The heterogeneous treatment regimens administered for advanced disease in this study constituted a very useful template to assess drug-specific interactions of BRCA1, ERCC1, RRM1, and TYMS, particularly with respect to patients’ PFS, an endpoint which is closely related to treatment efficacy although more prone to errors during assessment [46]. It was interesting to observe the same treatment-related patterns of patient outcome for tumors with low and high expression of the markers examined, while tumors with normal expression of the same marker had different prognosis. Plausibly, the first approach for the interpretation of this finding would be to consider it an artifact due to the small number of tumors with low BRCA1, ERCC1, RRM1, and TYMS mRNA expression. However, this finding may also suggest that drug interactions, if any, with the molecules examined at the protein level may follow bell-shaped curves, as known for various biologic response models involving enzymes (e.g., concerning the cellular fate upon different levels of superoxide dismutase [47]) or drug efficiency [48]. To prove this, functional studies in controlled systems with multicellular components are needed. It remains worthy considering, however, that the usually applied one-point cut-offs may mask the information needed for the evaluation of the herein investigated as well as for other mRNA markers.

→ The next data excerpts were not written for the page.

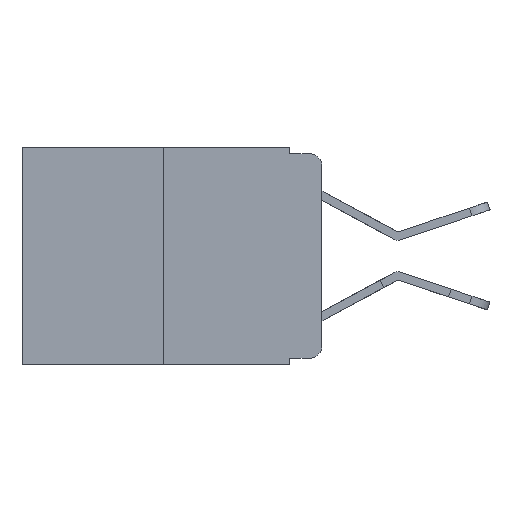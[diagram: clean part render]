
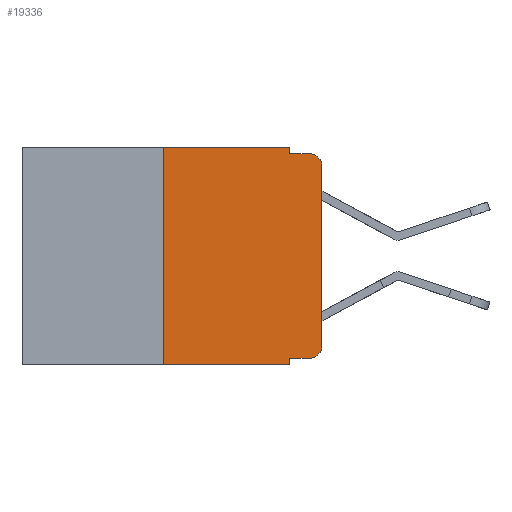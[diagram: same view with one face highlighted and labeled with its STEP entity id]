
A CAD part, left-side view. The second image highlights one B-rep face of the part: STEP entity #19336.
In plain terms, the highlighted planar face has unit normal (-1, 0, 0).
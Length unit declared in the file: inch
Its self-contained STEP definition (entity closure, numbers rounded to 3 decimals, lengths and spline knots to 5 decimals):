
#121 = CARTESIAN_POINT ( 'NONE',  ( 0., 0.25, 0. ) ) ;
#257 = DIRECTION ( 'NONE',  ( 0., -1., 0. ) ) ;
#297 = LINE ( 'NONE', #9682, #9907 ) ;
#306 = DIRECTION ( 'NONE',  ( 0., 0., -1. ) ) ;
#391 = EDGE_CURVE ( 'NONE', #21983, #20589, #13786, .T. ) ;
#531 = LINE ( 'NONE', #18570, #10761 ) ;
#561 = EDGE_CURVE ( 'NONE', #20928, #17202, #19940, .T. ) ;
#564 = PLANE ( 'NONE',  #11545 ) ;
#1563 = CARTESIAN_POINT ( 'NONE',  ( 0., 0.25, -0.343 ) ) ;
#2268 = DIRECTION ( 'NONE',  ( -1., 0., 0. ) ) ;
#2751 = DIRECTION ( 'NONE',  ( 0., 0., -1. ) ) ;
#2765 = EDGE_CURVE ( 'NONE', #3855, #20474, #297, .T. ) ;
#2799 = AXIS2_PLACEMENT_3D ( 'NONE', #23110, #20734, #7083 ) ;
#2966 = CARTESIAN_POINT ( 'NONE',  ( 0., 0.02, -0.333 ) ) ;
#3038 = FACE_OUTER_BOUND ( 'NONE', #10418, .T. ) ;
#3087 = VECTOR ( 'NONE', #306, 39.37008 ) ;
#3200 = VECTOR ( 'NONE', #25401, 39.37008 ) ;
#3732 = EDGE_CURVE ( 'NONE', #20474, #10330, #24449, .T. ) ;
#3855 = VERTEX_POINT ( 'NONE', #15461 ) ;
#3924 = ORIENTED_EDGE ( 'NONE', *, *, #561, .T. ) ;
#3972 = EDGE_CURVE ( 'NONE', #17202, #3855, #14255, .T. ) ;
#4152 = CARTESIAN_POINT ( 'NONE',  ( 0., 0.051, 0. ) ) ;
#4165 = DIRECTION ( 'NONE',  ( 0., 0., -1. ) ) ;
#4902 = DIRECTION ( 'NONE',  ( 0., 0., -1. ) ) ;
#4905 = DIRECTION ( 'NONE',  ( 0., -1., 0. ) ) ;
#5167 = EDGE_CURVE ( 'NONE', #20173, #22717, #19145, .T. ) ;
#5219 = LINE ( 'NONE', #14141, #9875 ) ;
#6900 = CARTESIAN_POINT ( 'NONE',  ( 0., 0.051, -0.01 ) ) ;
#6902 = CARTESIAN_POINT ( 'NONE',  ( 0., 0.051, -0.333 ) ) ;
#7083 = DIRECTION ( 'NONE',  ( 0., 0., -1. ) ) ;
#7441 = EDGE_CURVE ( 'NONE', #20173, #18166, #531, .T. ) ;
#7723 = LINE ( 'NONE', #8541, #11788 ) ;
#8164 = CARTESIAN_POINT ( 'NONE',  ( 0., 0.25, 0. ) ) ;
#8541 = CARTESIAN_POINT ( 'NONE',  ( 0., 0.473, 0. ) ) ;
#8616 = DIRECTION ( 'NONE',  ( 0., -1., 0. ) ) ;
#9314 = DIRECTION ( 'NONE',  ( 0., -1., 0. ) ) ;
#9351 = VECTOR ( 'NONE', #9314, 39.37008 ) ;
#9682 = CARTESIAN_POINT ( 'NONE',  ( 0., 0., 0. ) ) ;
#9875 = VECTOR ( 'NONE', #4165, 39.37008 ) ;
#9907 = VECTOR ( 'NONE', #10976, 39.37008 ) ;
#10330 = VERTEX_POINT ( 'NONE', #14732 ) ;
#10366 = AXIS2_PLACEMENT_3D ( 'NONE', #10657, #2268, #4902 ) ;
#10418 = EDGE_LOOP ( 'NONE', ( #23718, #24448, #24156, #25071, #25285, #23508, #25339, #18623, #3924, #12215 ) ) ;
#10657 = CARTESIAN_POINT ( 'NONE',  ( 0., 0.02, -0.313 ) ) ;
#10743 = CARTESIAN_POINT ( 'NONE',  ( 0., 0.473, 0. ) ) ;
#10761 = VECTOR ( 'NONE', #8616, 39.37008 ) ;
#10976 = DIRECTION ( 'NONE',  ( 0., 0., 1. ) ) ;
#11545 = AXIS2_PLACEMENT_3D ( 'NONE', #10743, #14787, #2751 ) ;
#11788 = VECTOR ( 'NONE', #257, 39.37008 ) ;
#12215 = ORIENTED_EDGE ( 'NONE', *, *, #3972, .T. ) ;
#13786 = LINE ( 'NONE', #4152, #3087 ) ;
#14141 = CARTESIAN_POINT ( 'NONE',  ( 0., 0.051, 0. ) ) ;
#14255 = CIRCLE ( 'NONE', #10366, 0.02 ) ;
#14542 = EDGE_CURVE ( 'NONE', #20589, #10330, #16292, .T. ) ;
#14732 = CARTESIAN_POINT ( 'NONE',  ( 0., 0.02, -0.01 ) ) ;
#14778 = CARTESIAN_POINT ( 'NONE',  ( 0., 0., -0.03 ) ) ;
#14787 = DIRECTION ( 'NONE',  ( 1., 0., 0. ) ) ;
#15461 = CARTESIAN_POINT ( 'NONE',  ( 0., 0., -0.313 ) ) ;
#15958 = CARTESIAN_POINT ( 'NONE',  ( 0., 0.051, -0.343 ) ) ;
#16292 = LINE ( 'NONE', #6900, #20909 ) ;
#17202 = VERTEX_POINT ( 'NONE', #2966 ) ;
#18166 = VERTEX_POINT ( 'NONE', #15958 ) ;
#18570 = CARTESIAN_POINT ( 'NONE',  ( 0., 0.473, -0.343 ) ) ;
#18623 = ORIENTED_EDGE ( 'NONE', *, *, #20316, .F. ) ;
#19145 = LINE ( 'NONE', #121, #3200 ) ;
#19336 = ADVANCED_FACE ( 'NONE', ( #3038 ), #564, .F. ) ;
#19784 = EDGE_CURVE ( 'NONE', #22717, #21983, #7723, .T. ) ;
#19940 = LINE ( 'NONE', #6902, #9351 ) ;
#20173 = VERTEX_POINT ( 'NONE', #1563 ) ;
#20316 = EDGE_CURVE ( 'NONE', #20928, #18166, #5219, .T. ) ;
#20474 = VERTEX_POINT ( 'NONE', #14778 ) ;
#20589 = VERTEX_POINT ( 'NONE', #23115 ) ;
#20734 = DIRECTION ( 'NONE',  ( -1., 0., 0. ) ) ;
#20909 = VECTOR ( 'NONE', #4905, 39.37008 ) ;
#20928 = VERTEX_POINT ( 'NONE', #22597 ) ;
#21983 = VERTEX_POINT ( 'NONE', #25265 ) ;
#22597 = CARTESIAN_POINT ( 'NONE',  ( 0., 0.051, -0.333 ) ) ;
#22717 = VERTEX_POINT ( 'NONE', #8164 ) ;
#23110 = CARTESIAN_POINT ( 'NONE',  ( 0., 0.02, -0.03 ) ) ;
#23115 = CARTESIAN_POINT ( 'NONE',  ( 0., 0.051, -0.01 ) ) ;
#23508 = ORIENTED_EDGE ( 'NONE', *, *, #5167, .F. ) ;
#23718 = ORIENTED_EDGE ( 'NONE', *, *, #2765, .T. ) ;
#24156 = ORIENTED_EDGE ( 'NONE', *, *, #14542, .F. ) ;
#24448 = ORIENTED_EDGE ( 'NONE', *, *, #3732, .T. ) ;
#24449 = CIRCLE ( 'NONE', #2799, 0.02 ) ;
#25071 = ORIENTED_EDGE ( 'NONE', *, *, #391, .F. ) ;
#25265 = CARTESIAN_POINT ( 'NONE',  ( 0., 0.051, 0. ) ) ;
#25285 = ORIENTED_EDGE ( 'NONE', *, *, #19784, .F. ) ;
#25339 = ORIENTED_EDGE ( 'NONE', *, *, #7441, .T. ) ;
#25401 = DIRECTION ( 'NONE',  ( 0., 0., 1. ) ) ;

In this context, normal ERCC1 transcript levels were associated with a favorable outcome in patients who received the platinum/taxanes doublet. Considering that normal ERCC1 mostly corresponds to low ERCC1 as addressed in the literature, this finding was in keeping with the reported platinum specificity of low ERCC1 [27, 30, 49]. However, a clear effect as would be expected for normal ERCC1 on patients treated with platinum-based regimens without taxanes was not observed in the present study.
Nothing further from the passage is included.